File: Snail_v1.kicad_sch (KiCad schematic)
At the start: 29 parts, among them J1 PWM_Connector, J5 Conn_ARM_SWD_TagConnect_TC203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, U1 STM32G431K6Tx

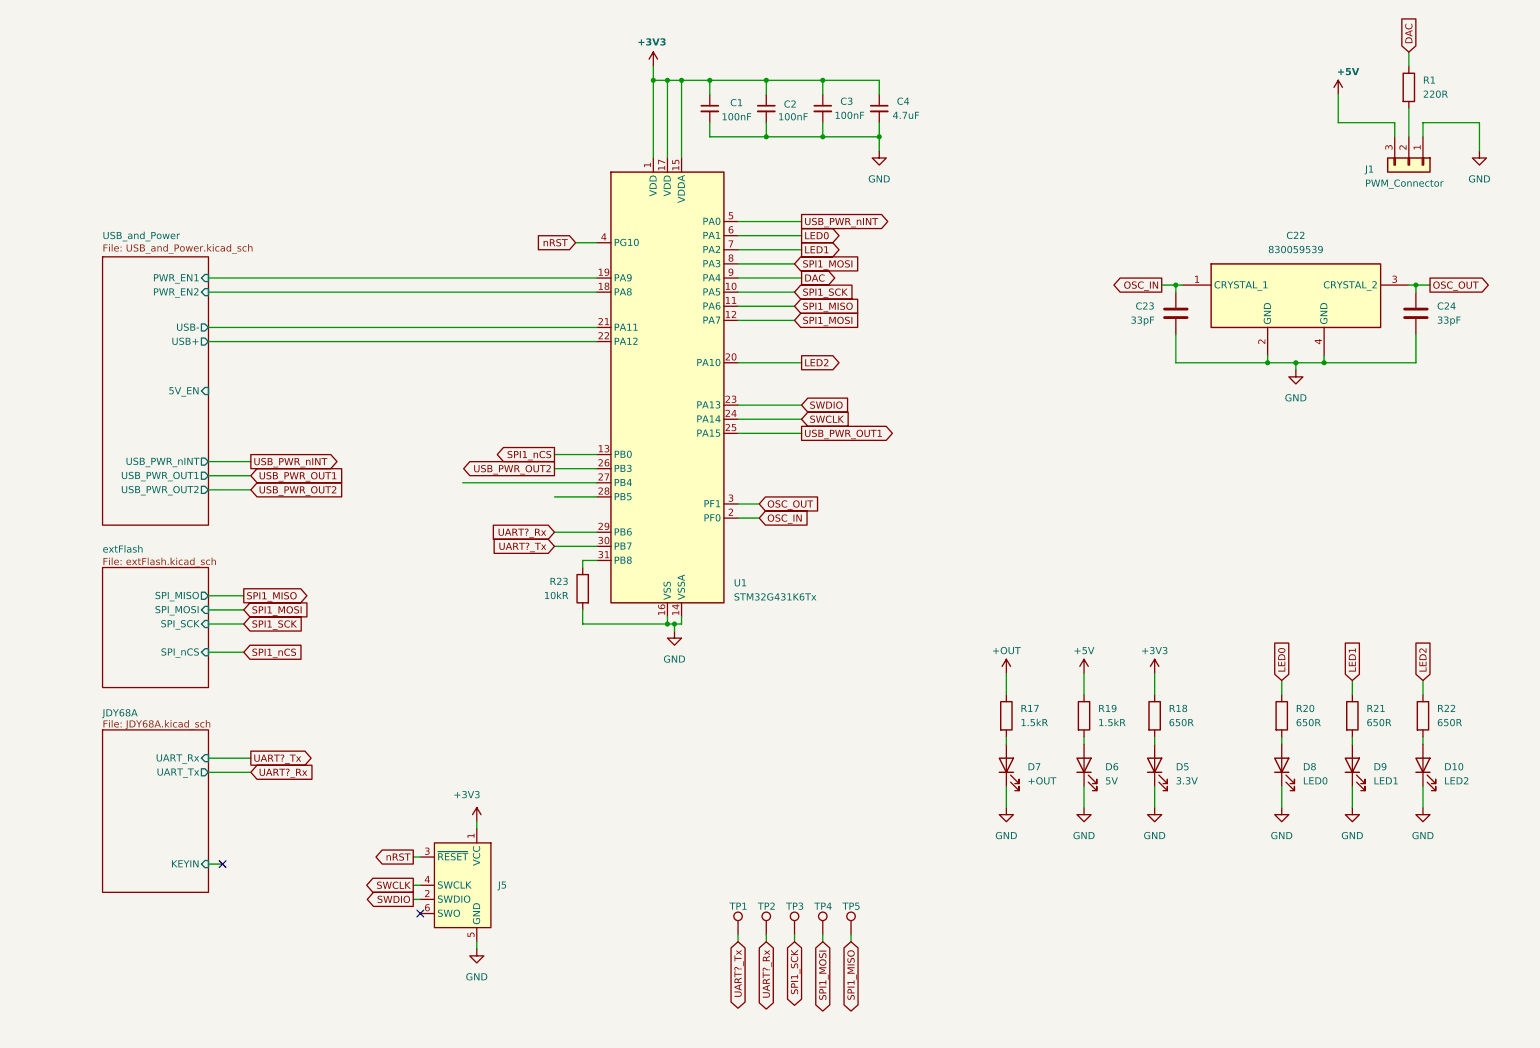
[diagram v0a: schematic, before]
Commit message: Did Silkscreen + added images of PCBA
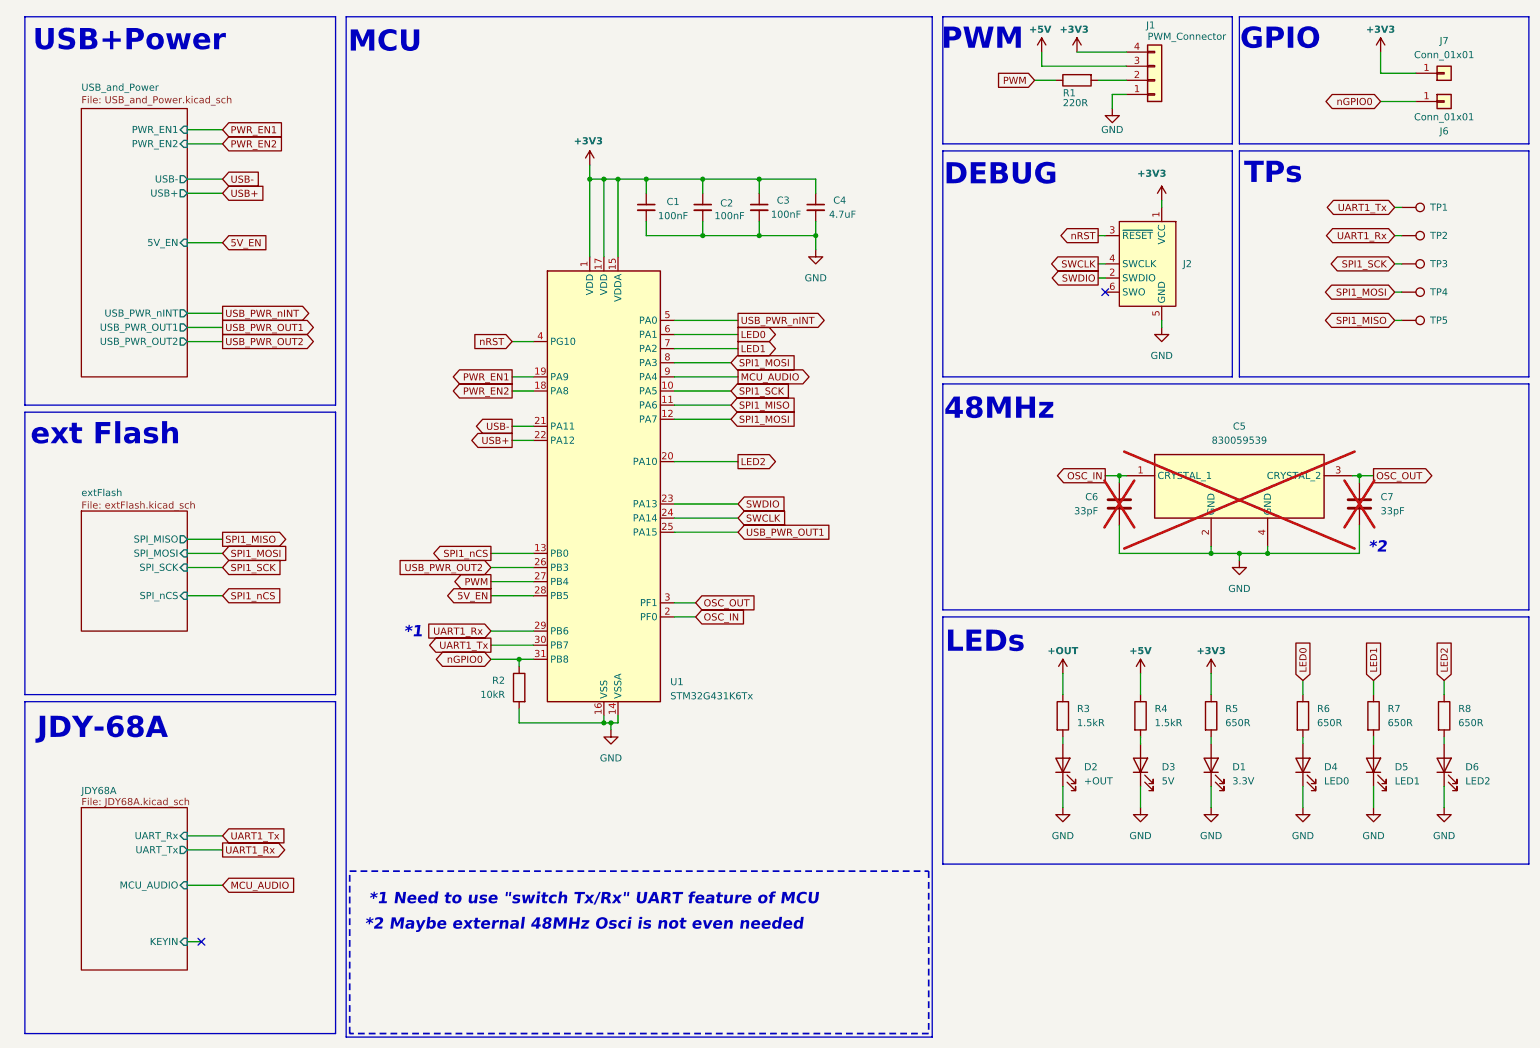
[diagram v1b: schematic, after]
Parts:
- removed J1: PWM_Connector, Connector_PinHeader_2.54mm:PinHeader_1x03_P2.54mm_Vertical, symbol Connector_Generic:Conn_01x03
- added J1: PWM_Connector, Connector_PinHeader_2.54mm:PinHeader_1x04_P2.54mm_Vertical, symbol Connector_Generic:Conn_01x04
- added J6, J7: Conn_01x01, Connector_Wire:SolderWirePad_1x01_SMD_1.5x3mm, symbol Connector_Generic:Conn_01x01
- C5: renamed from C22; now not fitted
- C6: renamed from C23; now not fitted
- C7: renamed from C24; now not fitted
- renumbered D5 to D1, D7 to D2, D6 to D3, D8 to D4, D9 to D5, D10 to D6, J5 to J2, R23 to R2, R17 to R3, R19 to R4, R18 to R5, R20 to R6, R21 to R7, R22 to R8
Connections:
- net +3V3: now also J1.4 (Pin_4), J7.1 (Pin_1)
- net +5V: now also J1.3 (Pin_3)
- net GND: now also J1.1 (Pin_1)
- net at R1.2: now also J1.2 (Pin_2)
- net PWM: now reaches U1.27 (PB4)
- net PWM: now also R1.1
- net 5V_EN: now reaches U1.28 (PB5)
- net nGPIO0: now reaches R2.1, U1.31 (PB8)
- net nGPIO0: now also J6.1 (Pin_1)
- net DAC renamed MCU_AUDIO
- net MCU_AUDIO: no longer R1.1
- net UART?_Rx renamed UART1_Rx
- net UART?_Tx renamed UART1_Tx
- net USB_and_Power/PWR_EN1 renamed PWR_EN1
- net USB_and_Power/PWR_EN2 renamed PWR_EN2
- net USB_and_Power/USB+ renamed USB+
- net USB_and_Power/USB- renamed USB-
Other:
- sheet JDY68A ports: added MCU_AUDIO; removed none
- note added: "*1"
- note added: "*1 Need to use "switch Tx/Rx" UART feature of MCU"
- note added: "*2"
- note added: "*2 Maybe external 48MHz Osci is not even needed"
- note added: "48MHz"
- note added: "DEBUG"
- note added: "GPIO"
- note added: "JDY-68A"
- note added: "LEDs"
- note added: "MCU"
- note added: "PWM"
- note added: "TPs"
- note added: "USB+Power"
- note added: "ext Flash"
- moved on the sheet: C1, C2, C3, C4, D1, D2, D3, D4, D5, D6, J2, R1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

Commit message: Added missing AMP_nSD connection to MCU via 5V_EN
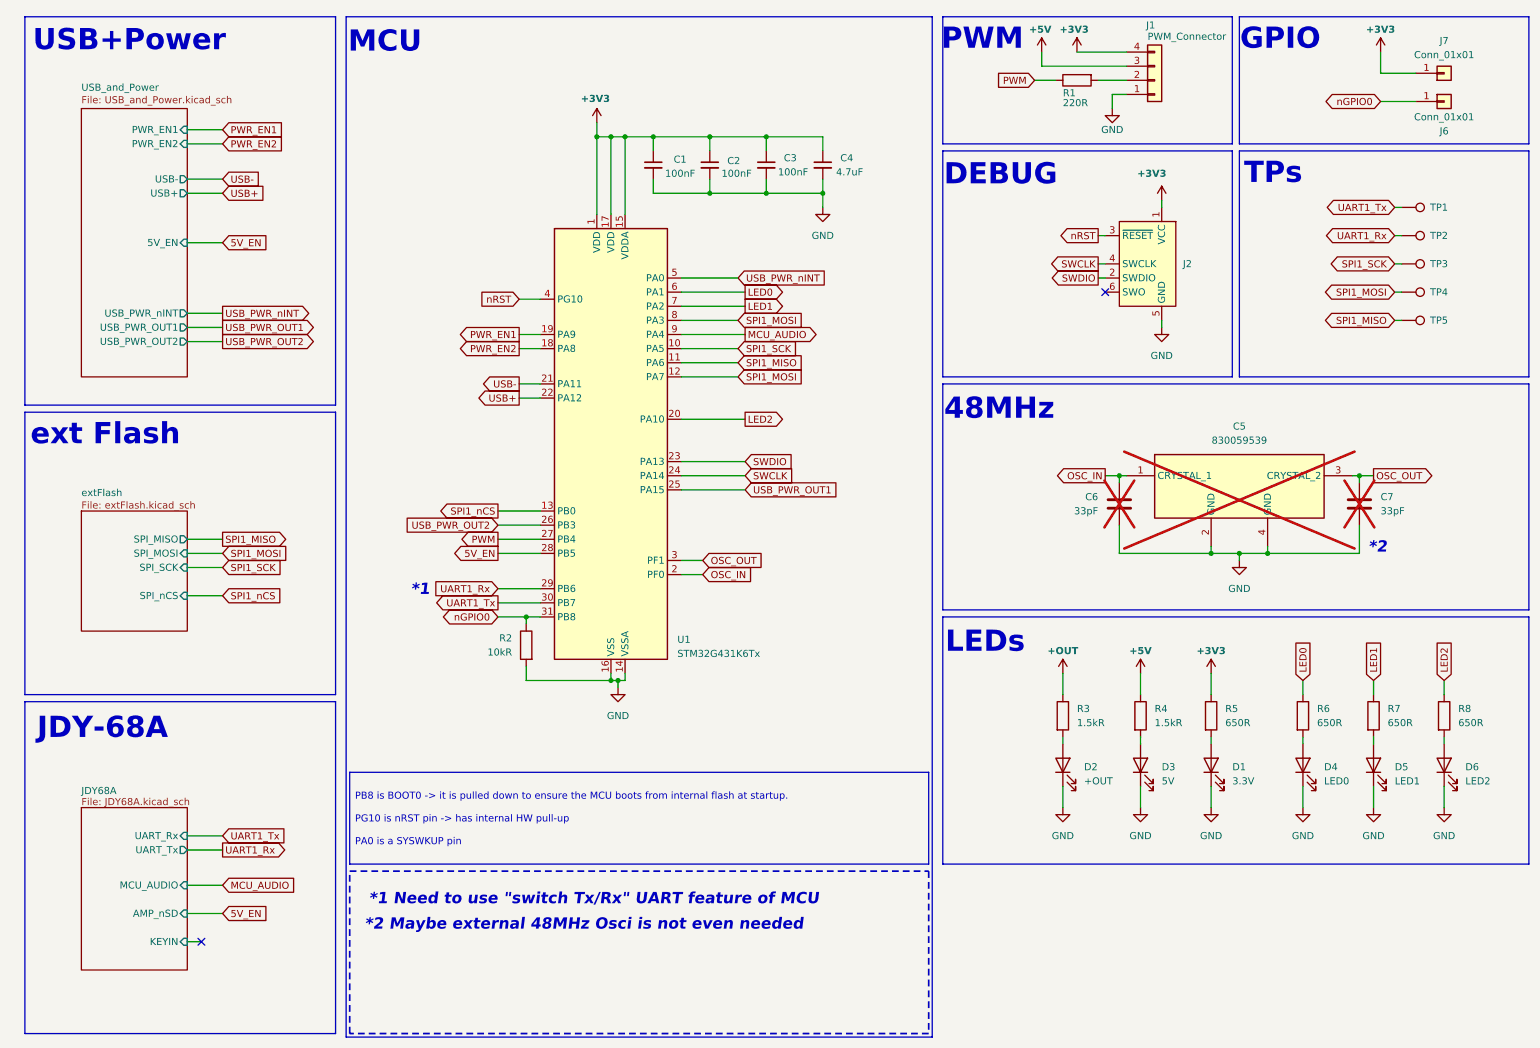
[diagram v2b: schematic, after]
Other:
- sheet JDY68A ports: added AMP_nSD; removed none
- moved on the sheet: C1, C2, C3, C4, R2, U1

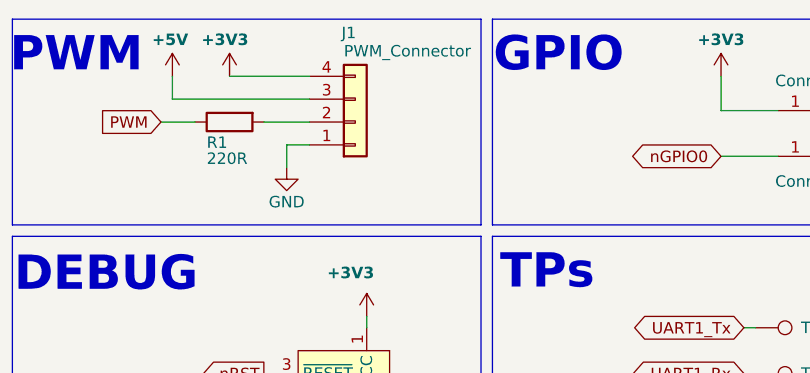
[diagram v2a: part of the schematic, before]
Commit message: Changed layout + added dimensions
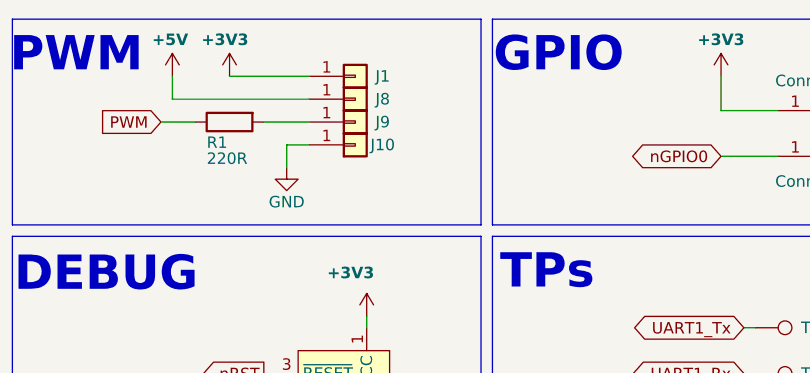
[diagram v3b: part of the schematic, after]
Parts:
- removed J1: PWM_Connector, Connector_PinHeader_2.54mm:PinHeader_1x04_P2.54mm_Vertical, symbol Connector_Generic:Conn_01x04
- added J1, J10, J8, J9: Conn_01x01, Connector_Wire:SolderWirePad_1x01_SMD_1.5x3mm, symbol Connector_Generic:Conn_01x01
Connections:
- net +3V3: now also J1.1 (Pin_1)
- net +5V: now also J8.1 (Pin_1)
- net GND: now also J10.1 (Pin_1)
- net at R1.2: now also J9.1 (Pin_1)
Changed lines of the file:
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@@
+	)
+	(symbol
+		(lib_id "Connector_Generic:Conn_01x01")
+		(at 215.9 26.67 0)
+		(mirror x)
+		(unit 1)
+		(exclude_from_sim no)
+		(in_bom yes)
+		(on_board yes)
+		(dnp no)
+		(property "Reference" "J10"
+			(at 218.948 26.67 0)
+			(effects
+				(font
+					(size 1.27 1.27)
+				)
+			)
+		)
+		(property "Value" "Conn_01x01"
+			(at 223.52 26.67 0)
+			(effects
+				(font
+					(size 1.27 1.27)
+				)
+				(hide yes)
+			)
+		)
+		(property "Footprint" "Connector_Wire:SolderWirePad_1x01_SMD_1.5x3mm"
+			(at 215.9 26.67 0)
+			(effects
+				(font
+					(size 1.27 1.27)
+				)
+				(hide yes)
+			)
+		)
+		(property "Datasheet" "~"
+			(at 215.9 26.67 0)
+			(effects
+				(font
+					(size 1.27 1.27)
+				)
+				(hide yes)
+			)
+		)
+		(property "Description" "Generic connector, single row, 01x01, script generated (kicad-library-utils/schlib/autogen/connector/)"
+			(at 215.9 26.67 0)
+			(effects
+				(font
+					(size 1.27 1.27)
+				)
+				(hide yes)
+			)
+		)
+		(pin "1"
+		)
+		(instances
+			(project "Snail_v1"
+				(path "/98695d9f-8521-4f7d-bb41-f22c1215a8e7"
+					(reference "J10")
+					(unit 1)
+				)
+			)
+		)
 	)
 	(symbol
@@
 	)
 	(symbol
+		(lib_id "Connector_Generic:Conn_01x01")
+		(at 215.9 24.13 0)
+		(mirror x)
+		(unit 1)
+		(exclude_from_sim no)
+		(in_bom yes)
+		(on_board yes)
+		(dnp no)
+		(property "Reference" "J9"
+			(at 218.948 24.13 0)
+			(effects
+				(font
+					(size 1.27 1.27)
+				)
+			)
+		)
+		(property "Value" "Conn_01x01"
+			(at 223.52 24.13 0)
+			(effects
+				(font
+					(size 1.27 1.27)
+				)
+				(hide yes)
+			)
+		)
+		(property "Footprint" "Connector_Wire:SolderWirePad_1x01_SMD_1.5x3mm"
+			(at 215.9 24.13 0)
+			(effects
+				(font
+					(size 1.27 1.27)
+				)
+				(hide yes)
+			)
+		)
+		(property "Datasheet" "~"
+			(at 215.9 24.13 0)
+			(effects
+				(font
+					(size 1.27 1.27)
+				)
+				(hide yes)
+			)
+		)
+		(property "Description" "Generic connector, single row, 01x01, script generated (kicad-library-utils/schlib/autogen/connector/)"
+			(at 215.9 24.13 0)
+			(effects
+				(font
+					(size 1.27 1.27)
+				)
+				(hide yes)
+			)
+		)
+		(pin "1"
+		)
+		(instances
+			(project "Snail_v1"
+				(path "/98695d9f-8521-4f7d-bb41-f22c1215a8e7"
+					(reference "J9")
+					(unit 1)
+				)
+			)
+		)
+	)
+	(symbol
 		(lib_id "Device:LED")
 		(at 255.27 147.32 90)
@@
 	)
 	(symbol
-		(lib_id "Connector_Generic:Conn_01x04")
-		(at 215.9 24.13 0)
-		(mirror x)
-		(unit 1)
-		(exclude_from_sim no)
-		(in_bom yes)
-		(on_board yes)
-		(dnp no)
-		(property "Reference" "J1"
-			(at 214.376 14.224 0)
-			(effects
-				(font
-					(size 1.27 1.27)
-				)
-				(justify left)
-			)
-		)
-		(property "Value" "PWM_Connector"
-			(at 214.63 16.256 0)
-			(effects
-				(font
-					(size 1.27 1.27)
-				)
-				(justify left)
-			)
-		)
-		(property "Footprint" "Connector_PinHeader_2.54mm:PinHeader_1x04_P2.54mm_Vertical"
-			(at 215.9 24.13 0)
-			(effects
-				(font
-					(size 1.27 1.27)
-				)
-				(hide yes)
-			)
-		)
-		(property "Datasheet" "~"
-			(at 215.9 24.13 0)
-			(effects
-				(font
-					(size 1.27 1.27)
-				)
-				(hide yes)
-			)
-		)
-		(property "Description" "Generic connector, single row, 01x04, script generated (kicad-library-utils/schlib/autogen/connector/)"
-			(at 215.9 24.13 0)
-			(effects
-				(font
-					(size 1.27 1.27)
-				)
-				(hide yes)
-			)
-		)
-		(pin "1"
-		)
-		(pin "3"
-		)
-		(pin "2"
-		)
-		(pin "4"
-		)
-		(instances
-			(project ""
-				(path "/98695d9f-8521-4f7d-bb41-f22c1215a8e7"
-					(reference "J1")
-					(unit 1)
-				)
-			)
-		)
-	)
-	(symbol
 		(lib_id "Connector:TestPoint")
 		(at 260.35 57.15 270)
@@
 				(path "/98695d9f-8521-4f7d-bb41-f22c1215a8e7"
 					(reference "#PWR049")
+					(unit 1)
+				)
+			)
+		)
+	)
+	(symbol
+		(lib_id "Connector_Generic:Conn_01x01")
+		(at 215.9 19.05 0)
+		(mirror x)
+		(unit 1)
+		(exclude_from_sim no)
+		(in_bom yes)
+		(on_board yes)
+		(dnp no)
+		(property "Reference" "J1"
+			(at 218.948 19.05 0)
+			(effects
+				(font
+					(size 1.27 1.27)
+				)
+			)
+		)
+		(property "Value" "Conn_01x01"
+			(at 223.52 19.05 0)
+			(effects
+				(font
+					(size 1.27 1.27)
+				)
+				(hide yes)
+			)
+		)
+		(property "Footprint" "Connector_Wire:SolderWirePad_1x01_SMD_1.5x3mm"
+			(at 215.9 19.05 0)
+			(effects
+				(font
+					(size 1.27 1.27)
+				)
+				(hide yes)
+			)
+		)
+		(property "Datasheet" "~"
+			(at 215.9 19.05 0)
+			(effects
+				(font
+					(size 1.27 1.27)
+				)
+				(hide yes)
+			)
+		)
+		(property "Description" "Generic connector, single row, 01x01, script generated (kicad-library-utils/schlib/autogen/connector/)"
+			(at 215.9 19.05 0)
+			(effects
+				(font
+					(size 1.27 1.27)
+				)
+				(hide yes)
+			)
+		)
+		(pin "1"
+		)
+		(instances
+			(project "Snail_v1"
+				(path "/98695d9f-8521-4f7d-bb41-f22c1215a8e7"
+					(reference "J1")
 					(unit 1)
 				)
@@
 					(unit 1)
 				)
+			)
+		)
+	)
+	(symbol
+		(lib_id "Connector_Generic:Conn_01x01")
+		(at 215.9 21.59 0)
+		(mirror x)
+		(unit 1)
+		(exclude_from_sim no)
+		(in_bom yes)
+		(on_board yes)
+		(dnp no)
+		(property "Reference" "J8"
+			(at 218.948 21.59 0)
+			(effects
+				(font
+					(size 1.27 1.27)
+				)
+			)
+		)
+		(property "Value" "Conn_01x01"
+			(at 223.52 21.59 0)
+			(effects
+				(font
+					(size 1.27 1.27)
+				)
+				(hide yes)
+			)
+		)
+		(property "Footprint" "Connector_Wire:SolderWirePad_1x01_SMD_1.5x3mm"
+			(at 215.9 21.59 0)
+			(effects
+				(font
+					(size 1.27 1.27)
+				)
+				(hide yes)
+			)
+		)
+		(property "Datasheet" "~"
+			(at 215.9 21.59 0)
+			(effects
+				(font
+					(size 1.27 1.27)
+				)
+				(hide yes)
+			)
+		)
+		(property "Description" "Generic connector, single row, 01x01, script generated (kicad-library-utils/schlib/autogen/connector/)"
+			(at 215.9 21.59 0)
+			(effects
+				(font
+					(size 1.27 1.27)
+				)
+				(hide yes)
+			)
+		)
+		(pin "1"
+		)
+		(instances
+			(project "Snail_v1"
+				(path "/98695d9f-8521-4f7d-bb41-f22c1215a8e7"
+					(reference "J8")
+					(unit 1)
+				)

### Task to complete:
For each line of the entries that includes "after", show that line.

### Answer to this problem:
[diagram v1b: schematic, after]
[diagram v2b: schematic, after]
[diagram v3b: part of the schematic, after]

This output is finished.